2.10. Single–Cell RNA Sequencing Analysis
Based on the files provided by the GEO dataset database (GSE123837), raw FPKMs for HCI001, HCI002, and HCI010 from three different patients were extracted to generate a gene expression matrix. We eliminated cells with less than 2500 expressed genes, a proportion of mitochondrial genes that exceed 50% of all expressed genes, or a proportion of potential erythrocyte genes that exceed 0.025% of all expressed genes. A total of 1707 filtered cells were utilized for additional bioinformatic analysis. Seurat package version 4.1.1 was used to merge the three data frames. Normalize Data (object = object, normalization.method = “LogNormalize”) and Find Variable Features (object = object, selection.method = “vst,” nfeatures = 10,000) were utilized to normalize the data. After normalizing the data and setting Default Assay to integrated, we combined all three patient–derived cell datasets using Find Integration Anchors (object.list = object.list, dims = 1:30, anchor.features = 10,000) and Integrate Data (anchorset = anchors, dims = 1:30). Then, we centralized the data using the formula Scale Data (object, vars.to.regress = c(“S.Score,” “G2M.Score”)) to scale out the influence of cycling genes on clustering.
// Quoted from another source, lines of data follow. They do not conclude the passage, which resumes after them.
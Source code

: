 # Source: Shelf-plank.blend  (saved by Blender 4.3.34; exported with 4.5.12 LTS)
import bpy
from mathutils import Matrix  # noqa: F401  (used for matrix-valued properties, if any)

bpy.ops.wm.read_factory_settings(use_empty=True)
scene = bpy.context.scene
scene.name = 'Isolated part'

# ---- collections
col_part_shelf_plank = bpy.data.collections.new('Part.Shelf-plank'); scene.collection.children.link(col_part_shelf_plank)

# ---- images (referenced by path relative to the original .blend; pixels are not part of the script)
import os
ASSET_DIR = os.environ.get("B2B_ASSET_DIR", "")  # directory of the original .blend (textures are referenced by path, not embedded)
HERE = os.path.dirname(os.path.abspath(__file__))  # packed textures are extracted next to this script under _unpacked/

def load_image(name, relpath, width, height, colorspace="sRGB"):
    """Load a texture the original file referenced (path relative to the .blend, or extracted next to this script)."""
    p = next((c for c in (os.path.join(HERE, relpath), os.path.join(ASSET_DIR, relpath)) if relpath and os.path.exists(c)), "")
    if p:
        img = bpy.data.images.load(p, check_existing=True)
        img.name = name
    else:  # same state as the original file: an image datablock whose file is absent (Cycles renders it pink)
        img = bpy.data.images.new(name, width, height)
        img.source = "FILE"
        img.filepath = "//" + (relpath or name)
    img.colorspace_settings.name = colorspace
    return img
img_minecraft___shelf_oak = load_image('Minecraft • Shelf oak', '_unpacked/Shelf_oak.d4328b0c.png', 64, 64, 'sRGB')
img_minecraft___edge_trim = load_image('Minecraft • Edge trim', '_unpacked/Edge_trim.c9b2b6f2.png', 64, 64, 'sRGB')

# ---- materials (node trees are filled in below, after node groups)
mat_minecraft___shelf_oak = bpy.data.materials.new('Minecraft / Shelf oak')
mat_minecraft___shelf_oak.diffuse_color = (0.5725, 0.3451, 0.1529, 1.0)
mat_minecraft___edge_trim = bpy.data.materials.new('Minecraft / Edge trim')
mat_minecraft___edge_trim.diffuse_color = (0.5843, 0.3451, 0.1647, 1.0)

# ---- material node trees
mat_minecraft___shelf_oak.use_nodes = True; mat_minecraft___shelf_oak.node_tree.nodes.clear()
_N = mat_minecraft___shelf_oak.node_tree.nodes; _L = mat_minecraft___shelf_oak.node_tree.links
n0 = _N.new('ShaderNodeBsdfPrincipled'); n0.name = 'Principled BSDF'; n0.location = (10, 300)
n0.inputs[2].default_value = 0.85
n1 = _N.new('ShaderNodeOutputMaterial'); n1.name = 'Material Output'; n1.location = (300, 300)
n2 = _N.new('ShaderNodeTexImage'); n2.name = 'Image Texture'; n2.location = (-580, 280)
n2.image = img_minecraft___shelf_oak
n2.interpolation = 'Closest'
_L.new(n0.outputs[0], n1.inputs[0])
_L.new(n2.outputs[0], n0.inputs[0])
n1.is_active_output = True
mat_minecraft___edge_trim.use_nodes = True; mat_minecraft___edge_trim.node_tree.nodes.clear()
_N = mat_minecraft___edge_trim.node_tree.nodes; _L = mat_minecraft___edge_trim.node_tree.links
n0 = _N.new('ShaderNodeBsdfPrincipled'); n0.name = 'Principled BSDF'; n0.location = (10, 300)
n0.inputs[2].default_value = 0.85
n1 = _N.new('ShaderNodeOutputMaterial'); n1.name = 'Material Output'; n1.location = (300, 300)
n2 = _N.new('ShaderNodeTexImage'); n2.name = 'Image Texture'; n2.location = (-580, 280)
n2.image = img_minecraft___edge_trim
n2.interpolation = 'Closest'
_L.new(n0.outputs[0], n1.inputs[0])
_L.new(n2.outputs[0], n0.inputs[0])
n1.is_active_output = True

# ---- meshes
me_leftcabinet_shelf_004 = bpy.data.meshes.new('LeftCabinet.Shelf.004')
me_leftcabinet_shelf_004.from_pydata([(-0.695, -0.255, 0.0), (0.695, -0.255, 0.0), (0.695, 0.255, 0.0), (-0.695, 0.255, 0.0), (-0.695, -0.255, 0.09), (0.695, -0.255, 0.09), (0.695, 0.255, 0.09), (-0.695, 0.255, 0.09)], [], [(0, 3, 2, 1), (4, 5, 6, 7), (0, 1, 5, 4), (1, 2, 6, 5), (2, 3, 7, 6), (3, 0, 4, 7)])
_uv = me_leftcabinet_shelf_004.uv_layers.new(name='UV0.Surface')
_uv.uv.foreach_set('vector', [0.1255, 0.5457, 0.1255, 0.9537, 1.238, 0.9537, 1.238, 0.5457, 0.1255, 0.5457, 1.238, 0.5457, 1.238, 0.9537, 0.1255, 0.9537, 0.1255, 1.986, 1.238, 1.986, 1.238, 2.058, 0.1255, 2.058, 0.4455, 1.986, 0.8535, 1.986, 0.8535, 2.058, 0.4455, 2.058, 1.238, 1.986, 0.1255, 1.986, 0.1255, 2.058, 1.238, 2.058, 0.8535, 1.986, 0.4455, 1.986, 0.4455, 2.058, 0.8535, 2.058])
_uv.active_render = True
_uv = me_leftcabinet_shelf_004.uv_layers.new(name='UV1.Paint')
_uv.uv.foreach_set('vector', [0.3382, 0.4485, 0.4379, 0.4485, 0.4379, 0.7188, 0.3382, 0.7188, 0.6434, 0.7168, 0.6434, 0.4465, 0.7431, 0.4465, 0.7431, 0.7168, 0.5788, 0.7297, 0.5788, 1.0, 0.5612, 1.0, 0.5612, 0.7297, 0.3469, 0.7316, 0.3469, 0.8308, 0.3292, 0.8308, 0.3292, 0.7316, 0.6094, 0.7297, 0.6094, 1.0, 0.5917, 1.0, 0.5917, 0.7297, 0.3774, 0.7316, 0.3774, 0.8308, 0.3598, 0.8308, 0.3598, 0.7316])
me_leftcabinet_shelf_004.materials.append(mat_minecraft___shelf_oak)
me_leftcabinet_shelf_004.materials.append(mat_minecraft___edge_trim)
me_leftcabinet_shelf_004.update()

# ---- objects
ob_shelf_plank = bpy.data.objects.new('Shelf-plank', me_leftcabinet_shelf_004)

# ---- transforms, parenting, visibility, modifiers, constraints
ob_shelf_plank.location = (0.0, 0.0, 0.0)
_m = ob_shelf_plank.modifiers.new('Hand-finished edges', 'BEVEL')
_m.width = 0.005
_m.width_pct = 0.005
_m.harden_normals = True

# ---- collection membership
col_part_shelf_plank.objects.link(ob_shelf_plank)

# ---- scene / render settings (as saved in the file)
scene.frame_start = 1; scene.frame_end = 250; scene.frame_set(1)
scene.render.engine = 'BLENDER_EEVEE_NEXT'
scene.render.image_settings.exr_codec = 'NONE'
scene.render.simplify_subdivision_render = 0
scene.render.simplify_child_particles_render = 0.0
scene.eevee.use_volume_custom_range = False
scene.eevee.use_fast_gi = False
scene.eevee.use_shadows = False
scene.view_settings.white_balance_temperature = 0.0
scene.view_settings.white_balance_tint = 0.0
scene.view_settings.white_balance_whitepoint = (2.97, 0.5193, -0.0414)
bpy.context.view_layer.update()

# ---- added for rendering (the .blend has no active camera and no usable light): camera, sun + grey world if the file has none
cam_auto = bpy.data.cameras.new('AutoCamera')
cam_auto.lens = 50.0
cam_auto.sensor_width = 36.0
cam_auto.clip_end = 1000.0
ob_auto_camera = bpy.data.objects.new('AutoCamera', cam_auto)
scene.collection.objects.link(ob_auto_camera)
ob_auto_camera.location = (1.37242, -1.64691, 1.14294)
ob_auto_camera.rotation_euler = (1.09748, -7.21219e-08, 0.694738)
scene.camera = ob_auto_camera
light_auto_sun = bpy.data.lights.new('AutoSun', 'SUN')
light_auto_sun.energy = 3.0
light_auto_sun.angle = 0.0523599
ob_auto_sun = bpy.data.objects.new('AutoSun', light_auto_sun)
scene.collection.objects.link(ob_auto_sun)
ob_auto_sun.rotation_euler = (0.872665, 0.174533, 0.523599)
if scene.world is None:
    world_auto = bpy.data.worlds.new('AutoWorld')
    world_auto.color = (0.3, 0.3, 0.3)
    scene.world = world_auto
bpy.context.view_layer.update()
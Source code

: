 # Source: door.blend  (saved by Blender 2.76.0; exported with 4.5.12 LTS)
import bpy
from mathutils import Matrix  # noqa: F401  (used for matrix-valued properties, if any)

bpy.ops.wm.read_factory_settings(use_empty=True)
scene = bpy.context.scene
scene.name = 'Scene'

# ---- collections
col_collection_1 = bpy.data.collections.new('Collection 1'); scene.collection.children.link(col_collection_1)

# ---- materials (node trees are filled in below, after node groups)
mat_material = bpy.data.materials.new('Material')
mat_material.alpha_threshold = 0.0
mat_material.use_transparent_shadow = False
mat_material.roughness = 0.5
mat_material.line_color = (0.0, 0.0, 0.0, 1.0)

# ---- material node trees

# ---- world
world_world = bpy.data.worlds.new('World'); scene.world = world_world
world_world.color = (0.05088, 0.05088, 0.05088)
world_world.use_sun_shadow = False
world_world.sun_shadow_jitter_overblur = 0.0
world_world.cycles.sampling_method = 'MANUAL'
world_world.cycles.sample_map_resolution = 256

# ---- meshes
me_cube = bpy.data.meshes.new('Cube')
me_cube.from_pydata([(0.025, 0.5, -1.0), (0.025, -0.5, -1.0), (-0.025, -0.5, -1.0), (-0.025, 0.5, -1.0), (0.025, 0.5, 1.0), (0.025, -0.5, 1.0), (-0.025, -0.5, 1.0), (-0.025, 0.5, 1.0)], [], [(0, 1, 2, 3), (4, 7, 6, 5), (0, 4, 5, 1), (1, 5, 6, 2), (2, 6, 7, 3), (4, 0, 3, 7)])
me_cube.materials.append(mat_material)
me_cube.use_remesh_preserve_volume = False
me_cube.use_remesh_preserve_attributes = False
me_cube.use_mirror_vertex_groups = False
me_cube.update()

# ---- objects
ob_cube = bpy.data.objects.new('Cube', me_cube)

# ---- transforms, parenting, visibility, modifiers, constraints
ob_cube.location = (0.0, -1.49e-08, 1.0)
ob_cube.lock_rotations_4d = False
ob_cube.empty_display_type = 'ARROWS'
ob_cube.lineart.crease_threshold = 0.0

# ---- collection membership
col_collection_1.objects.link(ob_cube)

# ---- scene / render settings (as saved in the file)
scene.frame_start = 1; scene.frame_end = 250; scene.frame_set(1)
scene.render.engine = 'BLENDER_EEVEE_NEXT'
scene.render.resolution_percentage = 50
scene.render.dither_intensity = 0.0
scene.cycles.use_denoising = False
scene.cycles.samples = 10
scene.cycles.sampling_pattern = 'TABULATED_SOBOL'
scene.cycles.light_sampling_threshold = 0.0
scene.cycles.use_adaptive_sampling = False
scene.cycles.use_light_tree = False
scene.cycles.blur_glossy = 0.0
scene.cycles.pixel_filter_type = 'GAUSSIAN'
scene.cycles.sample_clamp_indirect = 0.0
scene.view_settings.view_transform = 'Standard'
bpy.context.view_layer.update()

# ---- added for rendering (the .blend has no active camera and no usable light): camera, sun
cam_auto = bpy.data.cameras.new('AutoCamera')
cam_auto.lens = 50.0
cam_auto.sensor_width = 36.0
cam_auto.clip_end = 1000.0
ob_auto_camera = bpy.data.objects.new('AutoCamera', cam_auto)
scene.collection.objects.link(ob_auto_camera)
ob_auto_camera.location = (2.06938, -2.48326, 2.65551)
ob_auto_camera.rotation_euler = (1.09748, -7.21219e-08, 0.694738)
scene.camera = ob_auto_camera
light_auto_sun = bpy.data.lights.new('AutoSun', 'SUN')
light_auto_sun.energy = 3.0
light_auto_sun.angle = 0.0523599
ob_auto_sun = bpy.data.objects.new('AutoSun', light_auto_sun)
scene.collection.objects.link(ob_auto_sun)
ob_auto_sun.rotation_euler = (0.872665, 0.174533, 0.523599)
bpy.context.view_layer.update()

Seurat analysis package version 4.1.1 was used to perform dimensionality reduction and differential gene expression. Then, a principal component analysis was performed using variable genes. The data were subjected to UMAP using the produced principal components. Seurat’s Find Clusters function and a granularity parameter of 0.8 were also used to identify each cluster for the analysis of merged data.
In addition, we utilized the R package AUCell to evaluate pathway activities of specific cells. The AUCell_buildRankings function was used to compute the gene expression rankings in each cell using an expression matrix and default parameters. Reference articles were used to compile the iron–uptake gene set. The gene set was used to assign scores to each cell, and AUC values were calculated for the gene set and cell using the AUCell_calcAUC function. These AUC values represented the percentage of genes within the top–ranking genes for each cell that belonged to the pathway gene set.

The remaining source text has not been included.